Elsvieta · 26/08/2025 20:09

They think other people should be "squeezed", but not them? Tell them you'll live with bf in a tiny one-bed when the two of them do the same. They sound exhausting.

Cynic17 · 26/08/2025 20:17

Well, for a start, stop visiting so often! Every 2 or 3 months would be fine. You need your weekends to live your own life, see friends, enjoy hobbies etc.
To be brutally honest, at the age of 35 I don't understand why you are pandering to your parents so much. Maybe at age 18 or 19, but you are a mature, independent adult - time to cut the apron strings, OP!

itsgettingweird · 26/08/2025 20:22

Tell them you can only visit once a month as you’ll be getting a bigger flat and decorating every weekend.

Might as well have some fun out of their overbearing behaviour!

Seriously though if you have a partner then he needs to be who you spend weekends with.

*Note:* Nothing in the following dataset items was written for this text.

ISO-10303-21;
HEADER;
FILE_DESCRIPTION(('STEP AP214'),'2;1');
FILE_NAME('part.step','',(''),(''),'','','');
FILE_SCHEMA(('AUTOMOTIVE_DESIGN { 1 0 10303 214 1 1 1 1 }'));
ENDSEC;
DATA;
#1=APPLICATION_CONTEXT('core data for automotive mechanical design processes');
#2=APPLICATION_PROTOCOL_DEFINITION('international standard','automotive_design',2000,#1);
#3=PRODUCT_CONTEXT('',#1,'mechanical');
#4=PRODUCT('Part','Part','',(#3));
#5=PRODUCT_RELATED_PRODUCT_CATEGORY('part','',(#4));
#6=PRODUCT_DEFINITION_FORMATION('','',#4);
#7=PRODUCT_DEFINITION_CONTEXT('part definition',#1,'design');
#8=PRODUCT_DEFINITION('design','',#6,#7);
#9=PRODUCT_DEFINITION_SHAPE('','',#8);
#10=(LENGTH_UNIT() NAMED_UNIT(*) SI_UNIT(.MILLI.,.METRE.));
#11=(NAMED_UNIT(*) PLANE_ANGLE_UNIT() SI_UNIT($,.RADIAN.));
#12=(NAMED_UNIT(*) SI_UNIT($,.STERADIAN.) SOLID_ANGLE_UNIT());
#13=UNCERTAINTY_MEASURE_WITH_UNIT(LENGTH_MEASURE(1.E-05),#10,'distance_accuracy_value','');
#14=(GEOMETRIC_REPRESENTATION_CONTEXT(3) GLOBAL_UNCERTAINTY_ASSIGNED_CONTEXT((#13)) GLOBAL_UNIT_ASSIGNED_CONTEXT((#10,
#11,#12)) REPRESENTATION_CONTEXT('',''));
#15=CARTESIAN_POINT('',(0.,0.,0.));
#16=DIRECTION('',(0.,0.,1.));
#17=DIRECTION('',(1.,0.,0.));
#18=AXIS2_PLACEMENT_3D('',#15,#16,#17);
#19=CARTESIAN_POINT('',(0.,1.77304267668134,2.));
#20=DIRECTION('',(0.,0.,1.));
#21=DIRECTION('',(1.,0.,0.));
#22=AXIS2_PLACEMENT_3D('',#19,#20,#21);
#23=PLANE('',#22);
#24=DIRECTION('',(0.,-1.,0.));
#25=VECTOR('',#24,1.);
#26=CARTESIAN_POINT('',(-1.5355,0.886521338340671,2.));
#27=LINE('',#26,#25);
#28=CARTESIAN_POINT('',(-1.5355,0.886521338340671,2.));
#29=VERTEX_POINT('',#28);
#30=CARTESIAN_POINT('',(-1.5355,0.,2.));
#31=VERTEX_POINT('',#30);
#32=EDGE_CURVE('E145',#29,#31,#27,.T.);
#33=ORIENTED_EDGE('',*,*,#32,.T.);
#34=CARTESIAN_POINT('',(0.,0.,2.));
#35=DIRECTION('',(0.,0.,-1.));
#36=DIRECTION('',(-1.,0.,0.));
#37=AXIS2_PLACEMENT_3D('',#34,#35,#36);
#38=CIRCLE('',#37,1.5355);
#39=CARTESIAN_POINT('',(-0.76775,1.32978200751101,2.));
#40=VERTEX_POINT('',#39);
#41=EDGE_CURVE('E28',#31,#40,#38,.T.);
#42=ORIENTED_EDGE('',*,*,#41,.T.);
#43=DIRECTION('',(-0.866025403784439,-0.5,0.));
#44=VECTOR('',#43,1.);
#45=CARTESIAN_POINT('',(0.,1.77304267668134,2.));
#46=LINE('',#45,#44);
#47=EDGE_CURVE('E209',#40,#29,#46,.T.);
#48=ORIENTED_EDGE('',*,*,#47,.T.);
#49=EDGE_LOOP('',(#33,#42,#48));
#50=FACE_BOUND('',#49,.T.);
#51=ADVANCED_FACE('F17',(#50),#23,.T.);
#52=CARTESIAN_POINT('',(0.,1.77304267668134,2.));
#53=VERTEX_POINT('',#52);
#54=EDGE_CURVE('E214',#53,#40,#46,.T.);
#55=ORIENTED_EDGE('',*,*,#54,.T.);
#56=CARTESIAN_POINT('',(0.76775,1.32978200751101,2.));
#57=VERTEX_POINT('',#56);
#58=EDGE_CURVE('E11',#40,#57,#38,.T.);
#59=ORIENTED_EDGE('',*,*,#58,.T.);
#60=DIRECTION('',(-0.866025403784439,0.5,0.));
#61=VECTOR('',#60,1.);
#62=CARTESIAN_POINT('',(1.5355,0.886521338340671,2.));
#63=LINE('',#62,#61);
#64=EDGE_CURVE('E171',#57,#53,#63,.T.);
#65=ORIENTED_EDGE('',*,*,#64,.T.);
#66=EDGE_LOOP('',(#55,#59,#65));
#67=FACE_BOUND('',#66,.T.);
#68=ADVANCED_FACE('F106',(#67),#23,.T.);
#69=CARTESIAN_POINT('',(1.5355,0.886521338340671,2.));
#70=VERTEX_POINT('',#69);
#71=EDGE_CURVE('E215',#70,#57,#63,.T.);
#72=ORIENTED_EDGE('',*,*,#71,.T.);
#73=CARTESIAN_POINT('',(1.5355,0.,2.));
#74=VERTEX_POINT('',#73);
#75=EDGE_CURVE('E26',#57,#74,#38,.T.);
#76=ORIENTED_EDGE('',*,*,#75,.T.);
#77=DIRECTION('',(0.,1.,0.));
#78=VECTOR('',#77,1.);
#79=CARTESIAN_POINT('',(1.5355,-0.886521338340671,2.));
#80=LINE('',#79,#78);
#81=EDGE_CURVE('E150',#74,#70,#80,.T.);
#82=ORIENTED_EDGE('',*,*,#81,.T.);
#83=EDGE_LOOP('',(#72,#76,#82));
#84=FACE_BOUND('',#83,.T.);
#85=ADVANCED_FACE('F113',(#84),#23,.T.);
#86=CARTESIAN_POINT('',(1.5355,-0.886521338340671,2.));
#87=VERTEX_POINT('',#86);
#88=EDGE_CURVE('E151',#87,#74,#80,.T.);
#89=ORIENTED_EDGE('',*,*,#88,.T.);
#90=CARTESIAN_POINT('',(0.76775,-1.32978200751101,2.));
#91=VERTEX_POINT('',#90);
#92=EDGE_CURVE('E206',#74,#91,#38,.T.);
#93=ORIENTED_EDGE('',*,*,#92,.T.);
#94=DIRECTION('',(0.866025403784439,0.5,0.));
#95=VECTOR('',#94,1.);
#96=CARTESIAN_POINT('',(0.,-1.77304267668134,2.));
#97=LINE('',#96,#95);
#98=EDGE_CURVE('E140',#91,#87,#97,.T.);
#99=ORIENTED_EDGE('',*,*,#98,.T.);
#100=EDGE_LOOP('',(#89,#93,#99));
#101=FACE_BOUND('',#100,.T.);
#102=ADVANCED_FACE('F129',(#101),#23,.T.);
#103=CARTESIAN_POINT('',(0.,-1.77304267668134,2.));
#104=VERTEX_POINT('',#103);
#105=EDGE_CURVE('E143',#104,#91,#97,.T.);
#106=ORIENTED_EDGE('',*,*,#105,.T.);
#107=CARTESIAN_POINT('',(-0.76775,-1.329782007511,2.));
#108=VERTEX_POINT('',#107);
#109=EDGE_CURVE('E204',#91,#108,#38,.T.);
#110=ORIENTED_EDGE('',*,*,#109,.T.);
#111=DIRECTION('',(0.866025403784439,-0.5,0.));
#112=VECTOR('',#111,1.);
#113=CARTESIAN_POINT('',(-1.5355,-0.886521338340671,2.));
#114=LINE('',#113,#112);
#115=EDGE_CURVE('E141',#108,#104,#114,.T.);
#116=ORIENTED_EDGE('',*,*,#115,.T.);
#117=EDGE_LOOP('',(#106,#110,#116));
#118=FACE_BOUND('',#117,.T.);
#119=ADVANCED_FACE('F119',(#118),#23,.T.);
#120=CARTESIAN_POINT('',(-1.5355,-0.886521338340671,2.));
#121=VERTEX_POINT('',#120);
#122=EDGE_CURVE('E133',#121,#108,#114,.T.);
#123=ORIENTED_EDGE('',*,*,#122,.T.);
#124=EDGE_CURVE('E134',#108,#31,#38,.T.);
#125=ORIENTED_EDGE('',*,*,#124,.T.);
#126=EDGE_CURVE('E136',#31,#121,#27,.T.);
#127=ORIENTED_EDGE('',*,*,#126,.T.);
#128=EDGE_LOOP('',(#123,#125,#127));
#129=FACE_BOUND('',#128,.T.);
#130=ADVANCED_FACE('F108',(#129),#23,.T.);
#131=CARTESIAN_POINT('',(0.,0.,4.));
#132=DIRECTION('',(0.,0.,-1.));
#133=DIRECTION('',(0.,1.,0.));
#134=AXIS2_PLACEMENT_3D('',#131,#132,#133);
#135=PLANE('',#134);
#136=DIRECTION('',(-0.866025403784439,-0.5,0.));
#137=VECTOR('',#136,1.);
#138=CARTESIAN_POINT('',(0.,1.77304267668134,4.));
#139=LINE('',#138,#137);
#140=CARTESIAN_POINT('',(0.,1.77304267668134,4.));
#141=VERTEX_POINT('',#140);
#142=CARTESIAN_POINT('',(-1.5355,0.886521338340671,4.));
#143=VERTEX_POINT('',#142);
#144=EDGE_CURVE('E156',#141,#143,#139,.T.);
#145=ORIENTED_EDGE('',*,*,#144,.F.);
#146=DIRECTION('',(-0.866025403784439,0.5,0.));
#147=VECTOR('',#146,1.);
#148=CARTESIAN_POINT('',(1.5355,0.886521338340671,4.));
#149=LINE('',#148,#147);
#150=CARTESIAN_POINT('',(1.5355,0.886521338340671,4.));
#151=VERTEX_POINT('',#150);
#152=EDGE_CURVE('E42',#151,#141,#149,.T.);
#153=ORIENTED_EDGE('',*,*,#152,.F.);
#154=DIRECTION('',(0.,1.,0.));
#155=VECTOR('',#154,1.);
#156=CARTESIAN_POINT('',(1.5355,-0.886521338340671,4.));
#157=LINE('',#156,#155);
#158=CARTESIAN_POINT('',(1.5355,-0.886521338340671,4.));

LighthouseTeaCup · 26/08/2025 20:27

Your irritation with your parents opinions/criticism/comments is because you see too much of them. You need to physically separate. Stop seeing them so often. Then it'll be easier for you to care less about their opinions. I understand it's chicken and egg situation right now, because you care that they'll think badly of you for seeing them less. But you just need to bite the bullet and put up with your short term emotional discomfort until you establish a new normal for your relationship. They might come to see you as a fully functioning independent adult in time with a right to your own time/thoughts/needs/dreams, or they might still think they know best. But even if they can't change how they think of you, you can change how you respond. The first step is seeing them less and giving them less information. Don't tell them about what you intend to do, that invites them to share their opinion. Tell them afterwards that you're done a thing. Or don't. You don't have to share your mind with them.

RandomMess · 26/08/2025 20:47

I have adult DC, I would love to see them weekly but they don’t feel the same, too busy having a life 😂 (as they should).

An hour away is definitely doable in a day, as is meeting half way for brunch or similar.

Start off by offering to see them once a month at theirs and once a month they come visit you or meet half way.

Pull them up on the being critical.

If they won’t come to yours or meet half way just say “ok see you on the X then” being 4/5 weeks later.

kiwiane · 26/08/2025 20:53

If you saw them once a month you may have time to build your own life where you live!

Zempy · 26/08/2025 21:17

Stop visiting so often and don’t stop over.

Put them on a strict information diet. Respond to any questions in the most boring way possible. Knowledge is just going to be used as a weapon against you and you know it.